She did not think beyond the address she had given to the chauffeur until they pulled up at her door. Then she turned to Rush and asked, "Where shall he take you? Are you staying at a hotel?"

"I am going to take you home," he said precisely.

She saw she did not dare to let him go. There was no telling what serious trouble he might get into, in his illicit civilian dress, if she turned him adrift now. So she said, simply, "Well, here we are. Come in."

She opened the street door with her latch-key, and punched on the hall lights. She dreaded the two flights of stairs, but with the help of the banister rail he negotiated them successfully enough. And then he was safely brought to anchor in her sitting-room. It was plain he had not the vaguest idea where he was.

"I'll make some coffee," she said. "That will—pull us both together. And it won't take a minute because it's all ready to make for breakfast."

She was not gone, indeed, much longer than that, but when she came back from her kitchenette he had dropped like a log upon her divan, submerged beyond all soundings. So she tugged him around into a more comfortable position, managed to divest him of his dinner-jacket and his waistcoat, unbuttoned his collar and shirt-band, took off his shoes, and covered him up with an eiderdown quilt. Then she kissed him—it was five years since she had done that—and went, herself, to bed.

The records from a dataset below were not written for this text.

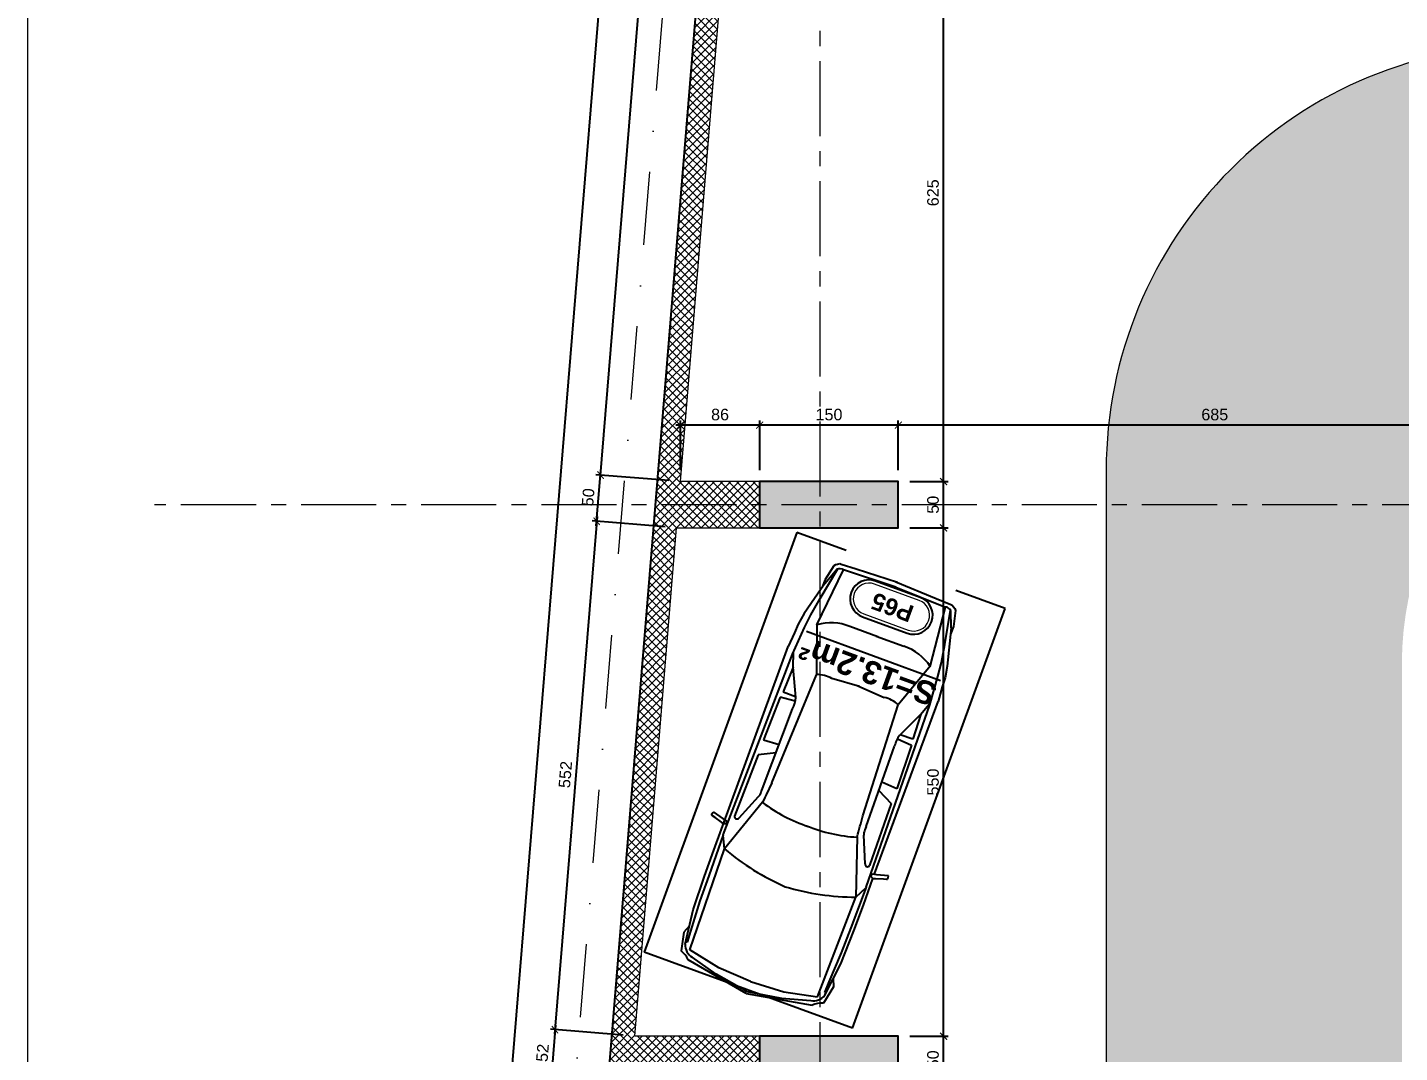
# Model space of a CAD drawing. Header units: centimetres. Extents: x 54080 to 59633, y -55119 to -48218.
# Drawn here: x 54080 to 55565, y -51265 to -50156 of the extents above; entities that cross this region are included whole.
import ezdxf
from ezdxf.enums import TextEntityAlignment as Align

# ---------------------------------------------------------------- set-up
doc = ezdxf.new("R2010")
doc.units = ezdxf.units.CM
doc.header["$LTSCALE"] = 50
doc.header["$MEASUREMENT"] = 0
for name, pattern in [('AXES', [2, 1.25, -0.25, 0.25, -0.25]), ('CACHE', [0.375, 0.25, -0.125]), ('CONTINU', [0]), ('Dot & Dashed', [335.138881, 158.75, -88.194444, 0, -88.194437])]:
    doc.linetypes.add(name, pattern=pattern)
doc.layers.get('0').update_dxf_attribs({"color": 8})
for name, color, linetype in [('AXES', 10, 'AXES'), ('BETON COUPE', 3, 'CONTINU'), ('BETON TRAME', 252, 'Continuous'), ('BORD', 5, 'Continuous'), ('COTE 50ème', 1, 'Continuous'), ('FINI', 251, 'Continuous'), ('PILIER', 7, 'Continuous'), ('TEXTE', 7, 'Continuous')]:
    doc.layers.add(name, color=color, linetype=linetype)
for name, color, linetype, lineweight in [('BETON CACHE', 4, 'CACHE', 5), ('BETON HACHURE', 253, 'Continuous', 13), ('EXISTANT COUPE', 251, 'Continuous', 40), ('MACONNERIE COUPE', 7, 'Continuous', 30)]:
    doc.layers.add(name, color=color, linetype=linetype, lineweight=lineweight)
doc.layers.add('FMULT', color=150, linetype='Continuous', plot=False)
doc.layers.add('New_2D Drafting - General_Pen_No__4', color=252, linetype='Continuous', lineweight=13, true_color=0x696969)
doc.styles.add('BRMNAMES', font='swisseb.ttf', dxfattribs={"height": 20})
doc.styles.add('RS_TEXT_1.50', font='arial.ttf', dxfattribs={"height": 12.5})
doc.styles.add('RS_TXT_50', font='arial.ttf', dxfattribs={"height": 12.5})
doc.dimstyles.new('RS_50CM_LINEAIRE', dxfattribs={"dimscale": 5, "dimtxt": 12.5, "dimasz": 1.5, "dimexe": 1, "dimexo": 2.5, "dimgap": 1, "dimtad": 1, "dimdec": 1, "dimrnd": 0.5, "dimdsep": 46, "dimtxsty": 'RS_TXT_50', "dimblk1": 'ARCHTICK', "dimblk2": 'ARCHTICK', "dimsah": 1, "dimcen": 2.5, "dimdle": 1, "dimclrt": 4, "dimadec": 0, "dimazin": 2, "dimtfac": 1, "dimtdec": 1, "dimtix": 1, "dimtmove": 2, "dimatfit": 3, "dimfxl": 1, "dimtolj": 1, "dimtzin": 0, "dimarcsym": 0})

# ---------------------------------------------------------------- blocks, each defined once
blk = doc.blocks.new('A$C99aa3423')
at = {"layer": 'AXES', "lineweight": 5, "ltscale": 1.3}
for p, q in [((-1265, 1580), (-1265, -1500)), ((3195, 190), (-1985, 190))]:
    blk.add_line(p, q, dxfattribs=at)
blk = doc.blocks.new('_ArchTick')
at = {"color": 0, "linetype": 'ByBlock', "const_width": 0.15}
blk.add_lwpolyline([(-0.5, -0.5), (0.5, 0.5)], dxfattribs=at)
blk = doc.blocks.new('*D1085')
at = {"layer": 'COTE 50ème', "color": 0, "lineweight": -2, "ltscale": 0.5, "transparency": 16777216}
for p, q in [((55071.7, -51302.4), (55071.7, -51242.4)), ((55035.2, -51247.4), (55076.7, -51247.4)), ((55035.2, -51297.4), (55076.7, -51297.4))]:
    blk.add_line(p, q, dxfattribs=at)
at = {"layer": 'Defpoints', "color": 0, "ltscale": 0.5, "transparency": 16777216}
for p in [(55022.7, -51247.4), (55071.7, -51247.4), (55022.7, -51297.4)]:
    blk.add_point(p, dxfattribs=at)
at = {"layer": 'COTE 50ème', "color": 0, "lineweight": -2, "ltscale": 0.5, "transparency": 16777216, "xscale": 7.5, "yscale": 7.5, "zscale": 7.5}
for p, rotation in [((55071.7, -51247.4), 90), ((55071.7, -51297.4), 270)]:
    blk.add_blockref('_ArchTick', p, dxfattribs=dict(at, rotation=rotation))
at = {"layer": 'COTE 50ème', "color": 4, "ltscale": 0.5, "transparency": 16777216, "insert": (55060.3, -51272.4), "char_height": 12.5, "attachment_point": 5, "rotation": 90, "style": 'RS_TXT_50'}
blk.add_mtext('\\A1;50', dxfattribs=at)
blk = doc.blocks.new('*D1086')
at = {"layer": 'COTE 50ème', "color": 0, "lineweight": -2, "ltscale": 0.5, "transparency": 16777216}
for p, q in [((55071.7, -51252.4), (55071.7, -50692.4)), ((55035.2, -50697.4), (55076.7, -50697.4)), ((55035.2, -51247.4), (55076.7, -51247.4))]:
    blk.add_line(p, q, dxfattribs=at)
at = {"layer": 'Defpoints', "color": 0, "ltscale": 0.5, "transparency": 16777216}
for p in [(55022.7, -50697.4), (55071.7, -50697.4), (55022.7, -51247.4)]:
    blk.add_point(p, dxfattribs=at)
at = {"layer": 'COTE 50ème', "color": 0, "lineweight": -2, "ltscale": 0.5, "transparency": 16777216, "xscale": 7.5, "yscale": 7.5, "zscale": 7.5}
for p, rotation in [((55071.7, -50697.4), 90), ((55071.7, -51247.4), 270)]:
    blk.add_blockref('_ArchTick', p, dxfattribs=dict(at, rotation=rotation))
at = {"layer": 'COTE 50ème', "color": 4, "ltscale": 0.5, "transparency": 16777216, "insert": (55060.3, -50972.4), "char_height": 12.5, "attachment_point": 5, "rotation": 90, "style": 'RS_TXT_50'}
blk.add_mtext('\\A1;550', dxfattribs=at)
blk = doc.blocks.new('*D1087')
at = {"layer": 'COTE 50ème', "color": 0, "lineweight": -2, "ltscale": 0.5, "transparency": 16777216}
for p, q in [((55035.2, -50647.4), (55076.7, -50647.4)), ((55071.7, -50702.4), (55071.7, -50642.4)), ((55035.2, -50697.4), (55076.7, -50697.4))]:
    blk.add_line(p, q, dxfattribs=at)
at = {"layer": 'Defpoints', "color": 0, "ltscale": 0.5, "transparency": 16777216}
for p in [(55022.7, -50647.4), (55071.7, -50647.4), (55022.7, -50697.4)]:
    blk.add_point(p, dxfattribs=at)
at = {"layer": 'COTE 50ème', "color": 0, "lineweight": -2, "ltscale": 0.5, "transparency": 16777216, "xscale": 7.5, "yscale": 7.5, "zscale": 7.5}
for p, rotation in [((55071.7, -50647.4), 90), ((55071.7, -50697.4), 270)]:
    blk.add_blockref('_ArchTick', p, dxfattribs=dict(at, rotation=rotation))
at = {"layer": 'COTE 50ème', "color": 4, "ltscale": 0.5, "transparency": 16777216, "insert": (55060.3, -50672.4), "char_height": 12.5, "attachment_point": 5, "rotation": 90, "style": 'RS_TXT_50'}
blk.add_mtext('\\A1;50', dxfattribs=at)
blk = doc.blocks.new('*D1088')
at = {"layer": 'COTE 50ème', "color": 0, "lineweight": -2, "ltscale": 0.5, "transparency": 16777216}
for p, q in [((55035.2, -50022.4), (55076.7, -50022.4)), ((55071.7, -50652.4), (55071.7, -50017.4)), ((55035.2, -50647.4), (55076.7, -50647.4))]:
    blk.add_line(p, q, dxfattribs=at)
at = {"layer": 'Defpoints', "color": 0, "ltscale": 0.5, "transparency": 16777216}
for p in [(55022.7, -50022.4), (55071.7, -50022.4), (55022.7, -50647.4)]:
    blk.add_point(p, dxfattribs=at)
at = {"layer": 'COTE 50ème', "color": 0, "lineweight": -2, "ltscale": 0.5, "transparency": 16777216, "xscale": 7.5, "yscale": 7.5, "zscale": 7.5}
for p, rotation in [((55071.7, -50022.4), 90), ((55071.7, -50647.4), 270)]:
    blk.add_blockref('_ArchTick', p, dxfattribs=dict(at, rotation=rotation))
at = {"layer": 'COTE 50ème', "color": 4, "ltscale": 0.5, "transparency": 16777216, "insert": (55060.3, -50334.9), "char_height": 12.5, "attachment_point": 5, "rotation": 90, "style": 'RS_TXT_50'}
blk.add_mtext('\\A1;625', dxfattribs=at)
blk = doc.blocks.new('*D1343')
at = {"layer": 'COTE 50ème', "color": 0, "lineweight": -2, "ltscale": 0.5, "transparency": 16777216}
for p, q in [((55712.7, -50586.3), (55017.7, -50586.3)), ((55022.7, -50634.9), (55022.7, -50581.3)), ((55707.7, -50634.9), (55707.7, -50581.3))]:
    blk.add_line(p, q, dxfattribs=at)
at = {"layer": 'Defpoints', "color": 0, "ltscale": 0.5, "transparency": 16777216}
for p in [(55022.7, -50586.3), (55022.7, -50647.4), (55707.7, -50647.4)]:
    blk.add_point(p, dxfattribs=at)
at = {"layer": 'COTE 50ème', "color": 0, "lineweight": -2, "ltscale": 0.5, "transparency": 16777216, "xscale": 7.5, "yscale": 7.5, "zscale": 7.5, "rotation": 180}
blk.add_blockref('_ArchTick', (55022.7, -50586.3), dxfattribs=at)
at = {"layer": 'COTE 50ème', "color": 0, "lineweight": -2, "ltscale": 0.5, "transparency": 16777216, "xscale": 7.5, "yscale": 7.5, "zscale": 7.5}
blk.add_blockref('_ArchTick', (55707.7, -50586.3), dxfattribs=at)
at = {"layer": 'COTE 50ème', "color": 4, "ltscale": 0.5, "transparency": 16777216, "insert": (55365.2, -50574.9), "char_height": 12.5, "attachment_point": 5, "style": 'RS_TXT_50'}
blk.add_mtext('\\A1;685', dxfattribs=at)
blk = doc.blocks.new('*D1344')
at = {"layer": 'COTE 50ème', "color": 0, "lineweight": -2, "ltscale": 0.5, "transparency": 16777216}
for p, q in [((55027.7, -50586.3), (54867.7, -50586.3)), ((54872.7, -50634.9), (54872.7, -50581.3)), ((55022.7, -50634.9), (55022.7, -50581.3))]:
    blk.add_line(p, q, dxfattribs=at)
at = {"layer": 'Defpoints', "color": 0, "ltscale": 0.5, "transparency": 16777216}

At ten o'clock the next morning she sat behind her little breakfast table—it was daintily munitioned with a glass coffee machine, a grapefruit and a plate of toast—waiting, over The Times, for Rush to wake up. She looked more seraphic than ever, enveloped in a white turkish toweling bathrobe and with her hair in a braid. Her brother lay on the divan just as she had left him the night before. Presently the change in his breathing told her that he was struggling up out of the depths of sleep. She looked over at him and saw him blinking at the ceiling. When his gaze started round her way, she turned her attention to the busy little coffee machine which opportunely needed it.

It was a minute or two before he spoke. "Is that really you, Mary?"

She smiled affectionately at him and said, "Hello," adding with just an edge of good-humored mischief, "How do you feel?"

He turned abruptly away from her. "I feel loathsome," he said.

"Poor dear, of course you do. I'll tell you what to do. I've got a nice big bathroom in there. Go in and take a cold one." Then—"You've grown inches, Rush, since you went away but I believe you could still get into a suit of my pajamas—plain ones, not ruffly. Anyhow, I've another big bathrobe like this that you could roll up in. You'll be just in time for the coffee. You won't know yourself by then."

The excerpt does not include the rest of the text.